Trump's newest Twitter tirade

Trump's early morning tweets about LaVar Ball prompted some candid conversations on cable news on Wednesday. "Looks like there's some dog whistling going on there," Jim Sciutto said on "The Situation Room." Ryan Lizza agreed: "There's obvious racist overtones here. He just constantly tweets at and attacks African Americans... He has some issue with people of color who call him out... I think it's a race thing." Sciutto responded: "There are prominent athletes who have been very critical of President Trump. Gregg Popovich, for instance. Steve Kerr. They, at least so far, haven't gotten this kind of treatment, Jackie." "Right. And therein lies the pattern," Jackie Kucinich said...

"One of the few constants..."

Megan Thomas emails: Sparked by Trump's rants about LaVar Ball, Van R. Newkirk II wrote for The Atlantic about "Donald Trump's Eternal Feud with Blackness."

"In a presidency defined by its unpredictability, one of the few constants is the president's eagerness to attack black people for failing to show deference..."
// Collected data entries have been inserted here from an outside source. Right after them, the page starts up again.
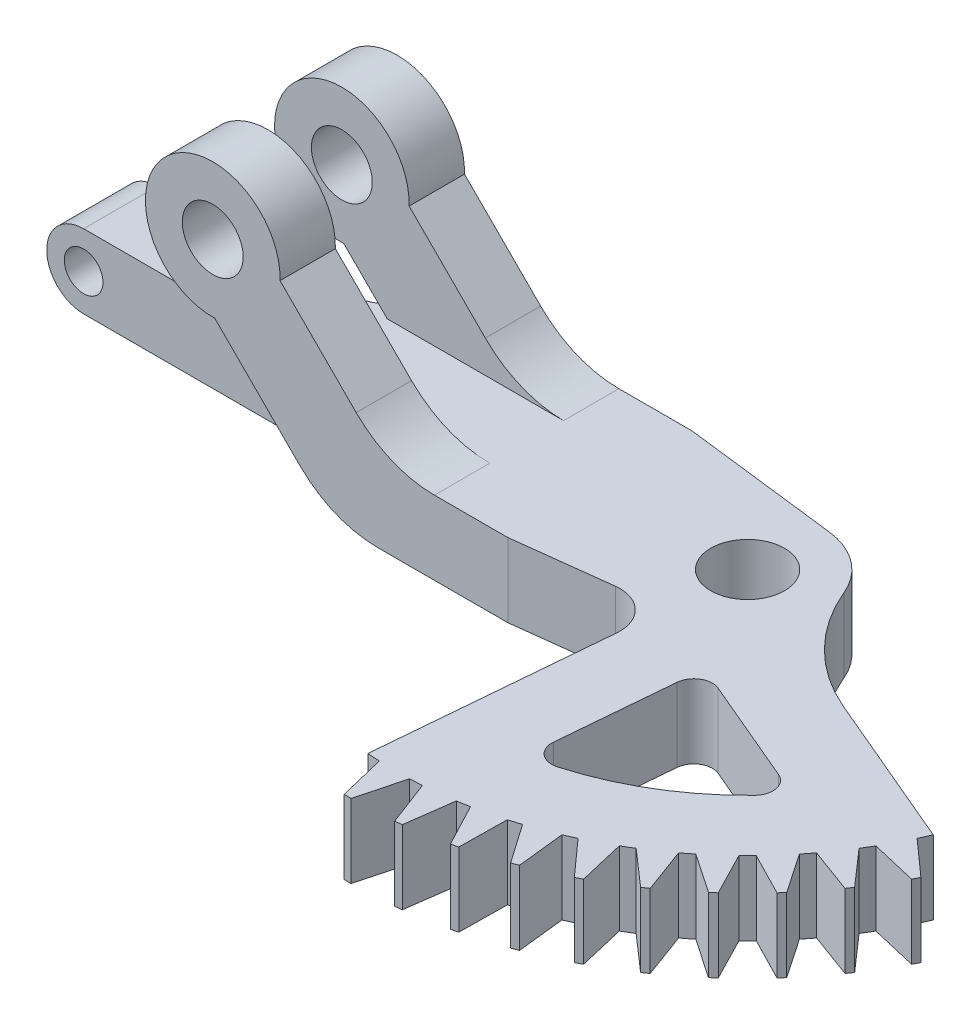
from build123d import *

# Parameters (mm, degrees)
SKETCH1_R           = 1.6500000000000001
BOSS_EXTRUDE1_DEPTH = 5
CUT_EXTRUDE1_DEPTH  = 22.617643257302586
SKETCH4_R           = 2.000000000000003
BOSS_EXTRUDE2_DEPTH = 4
SKETCH5_R           = 1.0500000000000005
BOSS_EXTRUDE3_DEPTH = 2
CUT_EXTRUDE2_REACH  = 52.658
CIRPATTERN1_COUNT   = 11
CIRPATTERN1_ANGLE   = 70.00000000000016
CUT_EXTRUDE3_DEPTH  = 4
FILLET1_R           = 6
FILLET2_R           = 2
CUT_EXTRUDE4_REACH  = 51.172


with BuildPart() as part:
    # Sketch1 → Boss-Extrude1 (new, symmetric)
    with BuildSketch(Plane.XY):
        with BuildLine():
            Line((6.464466094067297, -10), (16, -10))
            Line((16, -10), (16, -5.999999999999998))
            Line((16, -5.999999999999998), (9.535533905932775, -5.999999999999998))
            Line((9.535533905932775, -5.999999999999998), (3.6482589098755183, -0.11272500394276944))
            ThreePointArc((3.6482589098755183, -0.11272500394276944), (-2.580939751330903, 2.5809397513308943), (0.11272500394278592, -3.6482589098755174))
            Line((0.11272500394278592, -3.6482589098755174), (6.464466094067297, -10))
        make_face()
        Circle(SKETCH1_R, mode=Mode.SUBTRACT)
    extrude(amount=BOSS_EXTRUDE1_DEPTH, both=True)

    # Sketch3 → Cut-Extrude1 (cut, through all)
    with BuildSketch(Plane.XZ.offset(10)):
        Polygon((6.464466094067297, 2.000000000000001), (-3.6500000000000012, 1.9999999999999996), (-3.650000000000001, -2.0000000000000004), (6.464466094067298, -1.9999999999999991), align=None)
    extrude(amount=-CUT_EXTRUDE1_DEPTH, mode=Mode.SUBTRACT)

    # Sketch4 → Boss-Extrude2 (add)
    with BuildSketch(Plane.XZ.offset(10)):
        with BuildLine():
            Line((16, 5), (16, -5))
            Line((16, -5), (21.19546555409763, -4.369618467658506))
            Line((21.19546555409763, -4.369618467658506), (24.481798594453377, -3.970877751125406))
            ThreePointArc((24.481798594453377, -3.970877751125406), (26.41654324887739, -3.187525486377344), (27.693251449070946, -1.5361945625263))
            ThreePointArc((27.693251449070946, -1.5361945625263), (29.829731429750588, 1.668713133124987), (33.01906878685553, 3.8283675656823353))
            Line((33.01906878685553, 3.8283675656823353), (43.79085434922743, 8.400719262519475))
            ThreePointArc((43.79085434922743, 8.400719262519475), (35.07331861056618, 18.429096965095408), (22.126151530925494, 21.418186008972544))
            Line((22.126151530925494, 21.418186008972544), (23.428754247507808, 6.529368828716514))
            ThreePointArc((23.428754247507808, 6.529368828716514), (22.82671005925236, 4.917371632507108), (21.19546555409763, 4.369618467658506))
            Line((21.19546555409763, 4.369618467658506), (16, 5))
        make_face()
        with Locations(Location((24, 0, 0), (0, 0, 270))):
            Circle(SKETCH4_R, mode=Mode.SUBTRACT)
    extrude(amount=-BOSS_EXTRUDE2_DEPTH)

    # Sketch5 → Boss-Extrude3 (add, symmetric)
    with BuildSketch(Plane.XY):
        with BuildLine():
            Line((6.464466094067297, -10), (-10, -10.000000000000002))
            ThreePointArc((-10, -10.000000000000002), (-11.999999999999998, -8), (-9.999999999999998, -6.000000000000002))
            Line((-9.999999999999998, -6.000000000000002), (9.535533905932775, -5.999999999999998))
            Line((9.535533905932775, -5.999999999999998), (16, -5.999999999999998))
            Line((16, -5.999999999999998), (16, -10))
            Line((16, -10), (6.464466094067297, -10))
        make_face()
        with Locations((-9.999999999999998, -8.000000000000002)):
            Circle(SKETCH5_R, mode=Mode.SUBTRACT)
    extrude(amount=BOSS_EXTRUDE3_DEPTH, both=True)

    # Sketch6 → Cut-Extrude2 (cut, up to next)
    with BuildSketch(Plane.XZ.offset(10), mode=Mode.PRIVATE) as cut_extrude2_sk1:
        with BuildLine():
            Line((41.21984795369632, 8.029746973073365), (43.15664027004987, 9.760795744400328))
            ThreePointArc((43.15664027004987, 9.760795744400328), (43.324071995432064, 9.424979655965245), (43.48561742128794, 9.086292627425122))
            ThreePointArc((43.48561742128794, 9.086292627425122), (43.64122733931588, 8.744837826129787), (43.79085434922743, 8.40071926251947))
            ThreePointArc((43.79085434922743, 8.40071926251947), (43.93445287318589, 8.054041758442194), (44.071979169689804, 7.704910915224042))
            Line((44.071979169689804, 7.704910915224042), (41.48959221559633, 7.42389144129628))
            ThreePointArc((41.48959221559633, 7.42389144129628), (41.357363695209386, 7.72799621844028), (41.21984795369632, 8.029746973073365))
        make_face()
    cut_extrude2_tool1 = extrude(cut_extrude2_sk1.sketch, amount=-CUT_EXTRUDE2_REACH, mode=Mode.PRIVATE) & part.part
    cut_extrude2 = cut_extrude2_tool1.solids().sort_by_distance((42.701484, -10, 8.326437))[0]
    add(cut_extrude2, mode=Mode.SUBTRACT)

    # CirPattern1: Cut-Extrude2; each copy of Cut-Extrude2 runs up to whatever stops it at its own place
    cirpattern1_before = part.part  # the part as the pattern finds it: every copy runs up to it
    cirpattern1_cut_extrude2_long = extrude(cut_extrude2_sk1.sketch, amount=-CUT_EXTRUDE2_REACH, mode=Mode.PRIVATE)
    cirpattern1_cut_extrude2_tool1 = cirpattern1_cut_extrude2_long.rotate(Axis((24.000000000000014, 0, -2.52e-15), (0, -1, 0)), 1 * CIRPATTERN1_ANGLE / (CIRPATTERN1_COUNT - 1)) & cirpattern1_before
    add(cirpattern1_cut_extrude2_tool1.solids().sort_by_distance((41.547349, -10, 10.543511))[0], mode=Mode.SUBTRACT)
    cirpattern1_cut_extrude2_tool2 = cirpattern1_cut_extrude2_long.rotate(Axis((24.000000000000014, 0, -2.52e-15), (0, -1, 0)), 2 * CIRPATTERN1_ANGLE / (CIRPATTERN1_COUNT - 1)) & cirpattern1_before
    add(cirpattern1_cut_extrude2_tool2.solids().sort_by_distance((40.131623, -10, 12.603405))[0], mode=Mode.SUBTRACT)
    cirpattern1_cut_extrude2_tool3 = cirpattern1_cut_extrude2_long.rotate(Axis((24.000000000000014, 0, -2.52e-15), (0, -1, 0)), 3 * CIRPATTERN1_ANGLE / (CIRPATTERN1_COUNT - 1)) & cirpattern1_before
    add(cirpattern1_cut_extrude2_tool3.solids().sort_by_distance((38.475411, -10, 14.475411))[0], mode=Mode.SUBTRACT)
    cirpattern1_cut_extrude2_tool4 = cirpattern1_cut_extrude2_long.rotate(Axis((24.000000000000014, 0, -2.52e-15), (0, -1, 0)), 4 * CIRPATTERN1_ANGLE / (CIRPATTERN1_COUNT - 1)) & cirpattern1_before
    add(cirpattern1_cut_extrude2_tool4.solids().sort_by_distance((36.603405, -10, 16.131622))[0], mode=Mode.SUBTRACT)
    cirpattern1_cut_extrude2_tool5 = cirpattern1_cut_extrude2_long.rotate(Axis((24.000000000000014, 0, -2.52e-15), (0, -1, 0)), 5 * CIRPATTERN1_ANGLE / (CIRPATTERN1_COUNT - 1)) & cirpattern1_before
    add(cirpattern1_cut_extrude2_tool5.solids().sort_by_distance((34.543511, -10, 17.547348))[0], mode=Mode.SUBTRACT)
    cirpattern1_cut_extrude2_tool6 = cirpattern1_cut_extrude2_long.rotate(Axis((24.000000000000014, 0, -2.52e-15), (0, -1, 0)), 6 * CIRPATTERN1_ANGLE / (CIRPATTERN1_COUNT - 1)) & cirpattern1_before
    add(cirpattern1_cut_extrude2_tool6.solids().sort_by_distance((32.326437, -10, 18.701484))[0], mode=Mode.SUBTRACT)
    cirpattern1_cut_extrude2_tool7 = cirpattern1_cut_extrude2_long.rotate(Axis((24.000000000000014, 0, -2.52e-15), (0, -1, 0)), 7 * CIRPATTERN1_ANGLE / (CIRPATTERN1_COUNT - 1)) & cirpattern1_before
    add(cirpattern1_cut_extrude2_tool7.solids().sort_by_distance((29.985236, -10, 19.576823))[0], mode=Mode.SUBTRACT)
    cirpattern1_cut_extrude2_tool8 = cirpattern1_cut_extrude2_long.rotate(Axis((24.000000000000014, 0, -2.52e-15), (0, -1, 0)), 8 * CIRPATTERN1_ANGLE / (CIRPATTERN1_COUNT - 1)) & cirpattern1_before
    add(cirpattern1_cut_extrude2_tool8.solids().sort_by_distance((27.554808, -10, 20.160317))[0], mode=Mode.SUBTRACT)
    cirpattern1_cut_extrude2_tool9 = cirpattern1_cut_extrude2_long.rotate(Axis((24.000000000000014, 0, -2.52e-15), (0, -1, 0)), 9 * CIRPATTERN1_ANGLE / (CIRPATTERN1_COUNT - 1)) & cirpattern1_before
    add(cirpattern1_cut_extrude2_tool9.solids().sort_by_distance((25.071386, -10, 20.443268))[0], mode=Mode.SUBTRACT)
    cirpattern1_cut_extrude2_tool10 = cirpattern1_cut_extrude2_long.rotate(Axis((24.000000000000014, 0, -2.52e-15), (0, -1, 0)), 10 * CIRPATTERN1_ANGLE / (CIRPATTERN1_COUNT - 1)) & cirpattern1_before
    add(cirpattern1_cut_extrude2_tool10.solids().sort_by_distance((22.571993, -10, 20.421456))[0], mode=Mode.SUBTRACT)

    # Sketch7 → Cut-Extrude3 (cut)
    with BuildSketch(Plane(origin=(0, -5.999999999999998, 0), x_dir=(1, 0, 0), z_dir=(0, 1, 0))):
        Polygon((9.535533905932775, -2.0000000000000013), (6.464466094067297, -2.000000000000001), (6.464466094067298, 1.9999999999999991), (9.535533905932775, 1.9999999999999991), align=None)
    extrude(amount=CUT_EXTRUDE3_DEPTH, mode=Mode.SUBTRACT)

    # Fillet1
    fillet1_edges = [part.edges().sort_by_distance(p)[0] for p in [
        (6.464466094067297, -10, 3.5),
        (9.535533905932775, -5.999999999999998, 3.5),
        (6.464466094067297, -10, -3.4999999999999996),
        (9.535533905932775, -5.999999999999998, -3.5),
    ]]
    fillet(fillet1_edges, radius=FILLET1_R)

    # Fillet2
    # the kernel refuses this fillet: 2 mm, written as the material it adds along each edge
    with BuildSketch(Plane(origin=(-1.0710678118654662, -2.4644660940672707, -2), x_dir=(1.2e-16, -1e-17, -1), z_dir=(0.7071067811865491, -0.707106781186546, 0))) as fillet2_piece_1_section:
        with BuildLine():
            CenterArc((FILLET2_R, -FILLET2_R), FILLET2_R, 90, 90)
            Line((-1.6e-16, -FILLET2_R), (0, 0))
            Line((0, 0), (FILLET2_R, 0))
        make_face()
    fillet2_piece_1 = extrude(amount=8.171572875253831, mode=Mode.PRIVATE)
    fillet2_piece_1 = split(fillet2_piece_1, bisect_by=Plane(origin=(3.0707262538263027, -5.999999999999999, -2.423870706471317), z_dir=(1.8e-16, -1, 0)), keep=Keep.TOP, mode=Mode.PRIVATE)
    add(fillet2_piece_1)
    with BuildSketch(Plane(origin=(8.94974746830586, -3.999999999999999, -2), x_dir=(-0.7071067811865458, -0.7071067811865492, 0), z_dir=(-0.7071067811865492, 0.7071067811865458, 0))) as fillet2_piece_2_section:
        with BuildLine():
            CenterArc((6 + FILLET2_R, -FILLET2_R), FILLET2_R, 90, 90)
            Line((6 + FILLET2_R, 0), (6, 0))
            Line((6, 0), (6.000000000000001, -FILLET2_R))
        make_face()
    fillet2_piece_2 = revolve(axis=Axis((8.94974746830586, -3.999999999999999, -2), (0, 0, 1)), revolution_arc=92.75127695444853, mode=Mode.PRIVATE)
    fillet2_piece_2 = split(fillet2_piece_2, bisect_by=Plane(origin=(6.6265116676217675, -10, -2.6906159544544805), z_dir=(0, 1, 0)), keep=Keep.TOP, mode=Mode.PRIVATE)
    add(fillet2_piece_2)
    with BuildSketch(Plane(origin=(8.94974746830586, -3.999999999999999, 2), x_dir=(-0.7071067811865458, -0.7071067811865492, 0), z_dir=(-0.7071067811865492, 0.7071067811865458, 0))) as fillet2_piece_3_section:
        with BuildLine():
            CenterArc((6 + FILLET2_R, FILLET2_R), FILLET2_R, 180, 90)
            Line((6 + FILLET2_R, 0), (6, 0))
            Line((6, 0), (6.000000000000001, FILLET2_R))
        make_face()
    fillet2_piece_3 = revolve(axis=Axis((8.94974746830586, -3.999999999999999, 2), (0, 0, 1)), revolution_arc=92.75127695444853, mode=Mode.PRIVATE)
    fillet2_piece_3 = split(fillet2_piece_3, bisect_by=Plane(origin=(6.626511667621772, -10, 2.6906159544544797), z_dir=(0, 1, 0)), keep=Keep.TOP, mode=Mode.PRIVATE)
    add(fillet2_piece_3)
    with BuildSketch(Plane(origin=(4.707106781186583, -8.242640687119295, 2.0000000000000004), x_dir=(1.6e-16, 2.9e-16, 1), z_dir=(-0.7071067811865491, 0.707106781186546, 0))) as fillet2_piece_4_section:
        with BuildLine():
            CenterArc((FILLET2_R, -FILLET2_R), FILLET2_R, 89.99999999999999, 90.00000000000001)
            Line((-1.07e-15, -FILLET2_R), (0, 0))
            Line((0, 0), (FILLET2_R, 0))
        make_face()
    fillet2_piece_4 = extrude(amount=8.171572875253833, mode=Mode.PRIVATE)
    fillet2_piece_4 = split(fillet2_piece_4, bisect_by=Plane(origin=(3.0707262538259545, -5.999999999999999, 2.4238707064714085), z_dir=(1.8e-16, -1, 0)), keep=Keep.TOP, mode=Mode.PRIVATE)
    add(fillet2_piece_4)

    # Sketch8 → Cut-Extrude4 (cut, up to next)
    with BuildSketch(Plane(origin=(0, -5.999999999999998, 0), x_dir=(1, 0, 0), z_dir=(0, 1, 0)), mode=Mode.PRIVATE) as cut_extrude4_sk1:
        with BuildLine():
            ThreePointArc((28.115640284464295, -14.42433724816827), (31.725571123650823, -12.857509510531676), (34.803757775643525, -10.405710832289252))
            ThreePointArc((34.803757775643525, -10.405710832289252), (35.06330097352167, -9.511986093117567), (34.47423838575658, -8.791491923350865))
            Line((34.47423838575658, -8.791491923350865), (28.771906676032494, -6.370995718899502))
            ThreePointArc((28.771906676032494, -6.370995718899502), (27.866137472633152, -6.434333271649826), (27.38498084945146, -7.2043448296042945))
            Line((27.38498084945146, -7.2043448296042945), (26.845069567408263, -13.375559022209401))
            ThreePointArc((26.845069567408263, -13.375559022209401), (27.20468002661588, -14.23392193997834), (28.115640284464295, -14.42433724816827))
        make_face()
    cut_extrude4_tool1 = extrude(cut_extrude4_sk1.sketch, amount=-CUT_EXTRUDE4_REACH, mode=Mode.PRIVATE) & part.part
    add(cut_extrude4_tool1.solids().sort_by_distance((30.212176, -6, 10.338796))[0], mode=Mode.SUBTRACT)


solid = part.part

DOJ putting Corporate America on notice

"Blocking AT&T's purchase of Time Warner is a seemingly odd assault on business from the CEO president," CNNMoney's David Goldman writes. Trump's DOJ "just became the first since the Carter administration to fight a merger between two companies in different lines of business... A stark change in how antitrust law is enforced in the United States... Particularly surprising for a Republican president who campaigned on a pro-business, anti-regulation platform..."

Meet the judge

"Meet the judge who'll oversee DOJ's antitrust case against AT&T-Time Warner" -- Here's David Shortell's new profile of Judge Richard Leon, a George W. Bush-appointee who has served on the US District Court for DC since 2002 and will preside in the case...
For the record, part two
By Francesca Giuliani-Hoffman:

 -- Jon Christian says that we still have no idea how Google News works, as Google's criteria for inclusion in the product are "broad and vague..." (The Outline)

 -- Tiffany Stevens, writing for CJR, touches base with local reporters in Puerto Rico, where the situation is still extremely dire... (CJR)

 -- With Black Friday just around the corner, Digiday looks at how Wirecutter has been flourishing after the NYT acquisition, growing its staff from 35 to 65 people... (Digiday)

"YouTube Is Addressing Its Massive Child Exploitation Problem"

That's the headline on Charlie Warzel's latest must-read. After he provided YouTube "with dozens of examples of videos -- with millions of views -- that depict children in disturbing and abusive situations," the company says it is cracking down...

Pixar's culture problem?

Frank Pallotta's latest: "Rashida Jones is denying a report by THR that she left 'Toy Story 4,' along with writing partner Will McCormack, because of an unwanted advance" by John Lasseter. She says it was creative and "philosophical differences..."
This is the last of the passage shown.